If anyone wants to debug this, let me know. I can put together a full test-case (via my corporate cloud server). I have 3 test-cases: 75k, 1.4M, and 800M. This crash happens only on the largest, but at least it happens pretty quickly.
Sorry, I couldn't test this program
Could you tell me the problem? @bpr got it working (and failing). Try a fresh clone.
I'm guessing that @Araq meant he didn't have time to download and try out the program at all, not that he downloaded and couldn't get it to work. After the initial problem was fixed it was quite simple to get the results you described (thanks!) so I can't imagine it was a problem there.
I also had little time to experiment so I have no new info. Also, I'm hoping that @Araq or someone else gets there first and solves it :-)
With that fix on devel, it no longer hangs on OSX, but it still seg-faults on Ubuntu.
Also, on OSX it runs fine, seems fast, but sucks up lots of virtual memory -- about 10GB/min (yes, ten). I have only 8GB of real RAM on my Mac, so I was surprised to see a process taking 40GB. New threads are clearly not re-using the released memory of discarded threads.
Excellent!
Yes, it is working now, on both Ubuntu (and Centos6.6, built on Ubuntu) and OSX. With one worker thread, memory consumption is very low and stable, around 300MB. Beautiful!
With the earlier fix, there was actually a disturbing diff between expected and new output, indicating a really subtle memory bug, but that is fixed on origin/devel now too.
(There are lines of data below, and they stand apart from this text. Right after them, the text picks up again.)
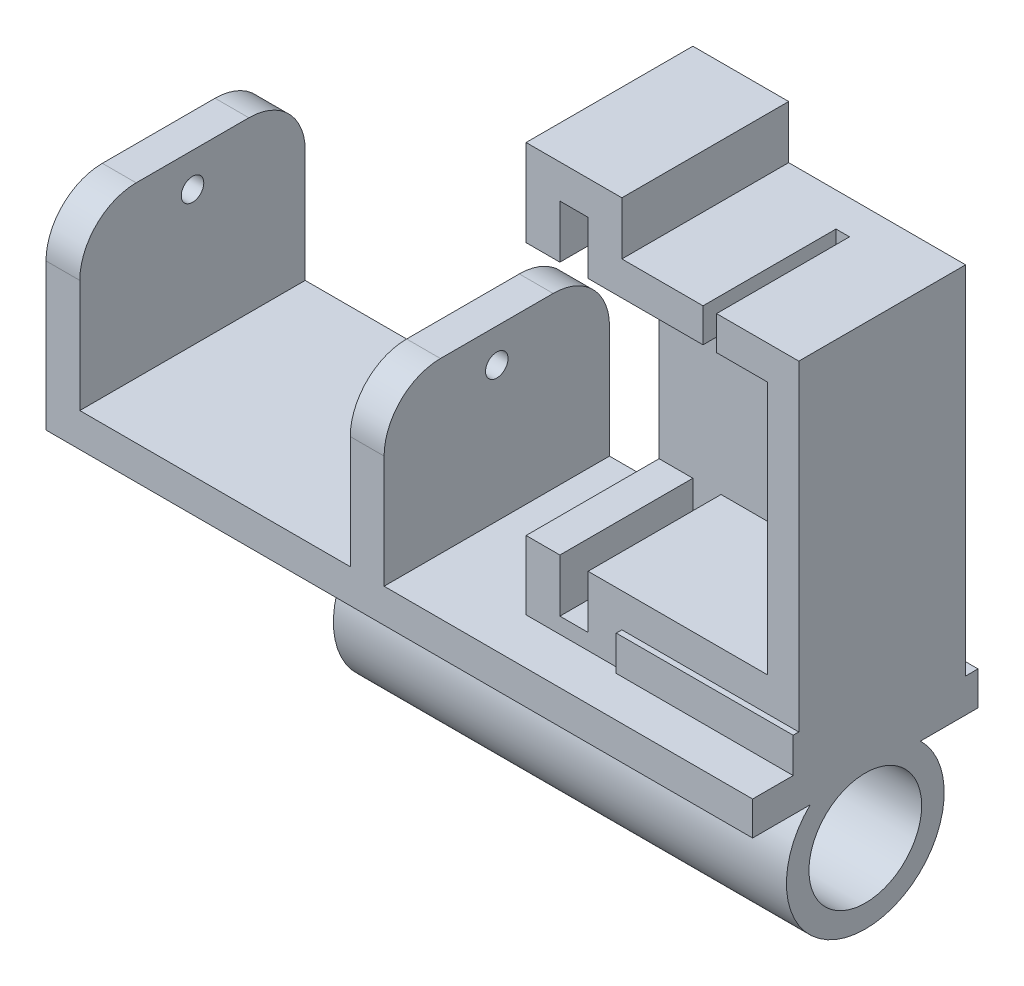
from build123d import *

# Parameters (mm, degrees)
SKETCH1_W           = 50
SKETCH1_H           = 20
BOSS_EXTRUDE1_DEPTH = 3
SKETCH2_W           = 3
SKETCH2_H           = 20
BOSS_EXTRUDE2_DEPTH = 15
SKETCH3_R           = 1
CUT_EXTRUDE1_DEPTH  = 15
FILLET1_R           = 5
SKETCH4_W           = 3
SKETCH4_H           = 20
BOSS_EXTRUDE3_DEPTH = 15
CUT_EXTRUDE2_START  = -15
SKETCH5_R           = 1
CUT_EXTRUDE2_DEPTH  = 15
FILLET2_R           = 5
BOSS_EXTRUDE4_DEPTH = 5.9
SKETCH7_W           = 20
SKETCH7_H           = 3
BOSS_EXTRUDE5_DEPTH = 12.8
SKETCH8_W           = 15.8
SKETCH8_H           = 3.1
BOSS_EXTRUDE6_DEPTH = 6.4
BOSS_EXTRUDE7_DEPTH = 3
SKETCH10_W          = 43.689261584
SKETCH10_H          = 59.678024431
CUT_EXTRUDE4_DEPTH  = 0.2
SKETCH11_R          = 7
SKETCH11_R_2        = 5
BOSS_EXTRUDE8_DEPTH = 40.2


with BuildPart() as part:
    # Sketch1 → Boss-Extrude1 (new body)
    with BuildSketch(Plane(origin=(0, 0, 0), x_dir=(1, 0, 0), z_dir=(0, 1, 0))):
        with Locations((25, -10)):
            Rectangle(SKETCH1_W, SKETCH1_H)
    extrude(amount=BOSS_EXTRUDE1_DEPTH)

    # Sketch2 → Boss-Extrude2 (add)
    with BuildSketch(Plane(origin=(0, 3, 0), x_dir=(1, 0, 0), z_dir=(0, 1, 0))):
        with Locations((1.5, -10)):
            Rectangle(SKETCH2_W, SKETCH2_H)
    extrude(amount=BOSS_EXTRUDE2_DEPTH)

    # Sketch3 → Cut-Extrude1 (cut)
    with BuildSketch(Plane(origin=(3, 0, 0), x_dir=(0, 0, -1), z_dir=(1, 0, 0))):
        with Locations((-10, 15)):
            Circle(SKETCH3_R)
    extrude(amount=-CUT_EXTRUDE1_DEPTH, mode=Mode.SUBTRACT)

    # Fillet1
    fillet1_edges = [part.edges().sort_by_distance(p)[0] for p in [
        (1.5, 18, 20),
        (1.5, 18, 0),
    ]]
    fillet(fillet1_edges, radius=FILLET1_R)

    # Sketch4 → Boss-Extrude3 (add)
    with BuildSketch(Plane(origin=(0, 3, 0), x_dir=(1, 0, 0), z_dir=(0, 1, 0))):
        with Locations((28.5, -10)):
            Rectangle(SKETCH4_W, SKETCH4_H)
    extrude(amount=BOSS_EXTRUDE3_DEPTH)

    # Sketch5 → Cut-Extrude2 (cut)
    with BuildSketch(Plane.ZY.offset(-27).offset(CUT_EXTRUDE2_START)):
        with Locations(Location((10, 15, 0), (0, 0, 180))):
            Circle(SKETCH5_R)
    extrude(amount=CUT_EXTRUDE2_DEPTH, mode=Mode.SUBTRACT)

    # Fillet2
    fillet2_edges = [part.edges().sort_by_distance(p)[0] for p in [
        (28.5, 18, 20),
        (28.5, 18, 0),
    ]]
    fillet(fillet2_edges, radius=FILLET2_R)

    # Sketch6 → Boss-Extrude4 (add, symmetric)
    with BuildSketch(Plane(origin=(0, 0, 10), x_dir=(-1, 0, 0), z_dir=(0, 0, -1))):
        Polygon((-38.5, 31.6), (-38.5, 34.6), (-38.5, 39.3), (-47, 39.3), (-47, 34.6), (-54.2, 34.6), (-54.2, 31.6), (-44, 31.6), (-44, 36.3), (-41.5, 36.3), (-41.5, 31.6), align=None)
        Polygon((-38.5, 1.4), (-38.5, 6.1), (-38.5, 9.1), (-41.5, 9.1), (-41.5, 4.4), (-44, 4.4), (-44, 9.1), (-59.9, 9.1), (-59.9, 31.6), (-55.4, 31.6), (-55.4, 34.6), (-62.9, 34.6), (-62.9, 6.1), (-47, 6.1), (-47, 1.4), align=None)
    extrude(amount=BOSS_EXTRUDE4_DEPTH, both=True)


with BuildPart() as boss_extrude4_piece_1:
    # of the separate pieces the step leaves, piece 1, a body of its own (boss_extrude4_pieces)
    add(part.part.solids().sort_by_distance((27, 13, 0))[0])

    # Sketch7 → Boss-Extrude5 (add)
    with BuildSketch(Plane(origin=(50, 0, 0), x_dir=(0, 0, -1), z_dir=(1, 0, 0))):
        with Locations((-10, 1.5)):
            Rectangle(SKETCH7_W, SKETCH7_H)
    extrude(amount=BOSS_EXTRUDE5_DEPTH)

    # Sketch8 → Boss-Extrude6 (add, symmetric)
    with BuildSketch(Plane(origin=(0, 0, 10), x_dir=(-1, 0, 0), z_dir=(0, 0, -1))):
        with Locations((-54.9, 4.55)):
            Rectangle(SKETCH8_W, SKETCH8_H)
    extrude(amount=BOSS_EXTRUDE6_DEPTH, both=True)



with BuildPart() as boss_extrude4_piece_2:
    # of the separate pieces the step leaves, piece 2, a body of its own (boss_extrude4_pieces)
    add(part.part.solids().sort_by_distance((38.5, 31.6, 15.9))[0])


with BuildPart() as boss_extrude4_piece_1_1:
    add(boss_extrude4_piece_1.part)

    add(boss_extrude4_piece_2.part)  # Boss-Extrude7 merges Boss-Extrude4 piece 2
    # Sketch9 → Boss-Extrude7 (add)
    with BuildSketch(Plane(origin=(0, 0, 4.1), x_dir=(-1, 0, 0), z_dir=(0, 0, -1))):
        Polygon((-38.5, 3), (-38.5, 39.3), (-47, 39.3), (-47, 34.6), (-62.9, 34.6), (-62.8, 3), align=None)
    extrude(amount=BOSS_EXTRUDE7_DEPTH)

    # Sketch10 → Cut-Extrude4 (cut)
    with BuildSketch(Plane(origin=(62.9, 0, 0), x_dir=(0, 0, -1), z_dir=(1, 0, 0))):
        with Locations((-9.388309177, 18.772485295)):
            Rectangle(SKETCH10_W, SKETCH10_H)
    extrude(amount=-CUT_EXTRUDE4_DEPTH, mode=Mode.SUBTRACT)

    # Sketch11 → Boss-Extrude8 (add)
    with BuildSketch(Plane(origin=(62.7, 0, 0), x_dir=(0, 0, -1), z_dir=(1, 0, 0))):
        with Locations((-10, -5)):
            Circle(SKETCH11_R)
        with Locations((-10, -5)):
            Circle(SKETCH11_R_2, mode=Mode.SUBTRACT)
    extrude(amount=-BOSS_EXTRUDE8_DEPTH)


solid = boss_extrude4_piece_1_1.part

I will concentrate on runtime next, and experiment with multiple threads.
The profiler seems to hang when using more than 1 worker thread. Is that expected? Unsupported?
@bpr, could you verify? I have pushed an update that supports N threads, stored in a seq. Until we are sure, let's discuss this via email, or in:
Now the problem is a sudden jump in freemem on the main thread, and huge use of virtual memory. E.g.
+ log("tot=$1 occ=$2, free=$3 b4" % [$getTotalMem(), $getOccupiedMem(), $getFreeMem()])
+ GC_fullCollect()
+ log("tot=$1 occ=$2, free=$3 now" % [$getTotalMem(), $getOccupiedMem(), $getFreeMem()])
$ time N=4 SIZE=huge make
../main.exe --output_multi --min_idt 0.70 --min_cov 4 --max_n_read 500 --n_core 4 > out.nim.fasta < data/la4.huge/huge.la4falco
n
main(n_core=4)
len(seqs)=25, seed_id=2
tot=4206592 occ=3895296, free=311296 b4
tot=4206592 occ=1511424, free=2695168 now
len(seqs)=98, seed_id=14
tot=12738560 occ=5505024, free=7233536 b4
tot=12738560 occ=5517312, free=7221248 now
len(seqs)=58, seed_id=15
tot=8822784 occ=8105984, free=716800 b4
tot=8822784 occ=5414912, free=3407872 now
...
len(seqs)=37, seed_id=42
tot=9052160 occ=6340608, free=2711552 b4
tot=9052160 occ=5013504, free=4038656 now
len(seqs)=49, seed_id=43
tot=9052160 occ=6770688, free=2281472 b4
tot=9052160 occ=6270976, free=2781184 now
len(seqs)=55, seed_id=53
tot=2156535808 occ=7073792, free=2149462016 b4 !!!!!!!!!!!
tot=2156535808 occ=6787072, free=2149748736 now !!!!!!!!!!!
len(seqs)=50, seed_id=57
tot=9445376 occ=7110656, free=2334720 b4 ???
tot=9445376 occ=6815744, free=2629632 now
len(seqs)=29, seed_id=58
tot=9445376 occ=7041024, free=2404352 b4
tot=9445376 occ=6066176, free=3379200 now
...
See the sudden jump? Something weird is going on. (That is with GC_fullCollect() bewteen "b4" and "now" on the main thread.)
Virtual memory jumps around, as low at 1TB and as high as 60TB. So think there is still a problem, though not as bad as before: no crash, no increase in system RAM, decent runtime.
@bpr never duplicated that problem, even on Ubuntu14. Things are fine on my MacAir, and on a Centos7 machine at work. But the Ubuntu14 machines at work have this strange behavior -- except they seem fine when my Nim program is run in serial mode.
Part of the problem was me. I had work-arounds in the the threadpool library which had a strange effect with araq's new code. Without those work-arounds, virtual memory is stable, but runtime is still horrible on the Ubuntu14 virtual machines. So I can't explain it, but I guess it's something with the set-up at work.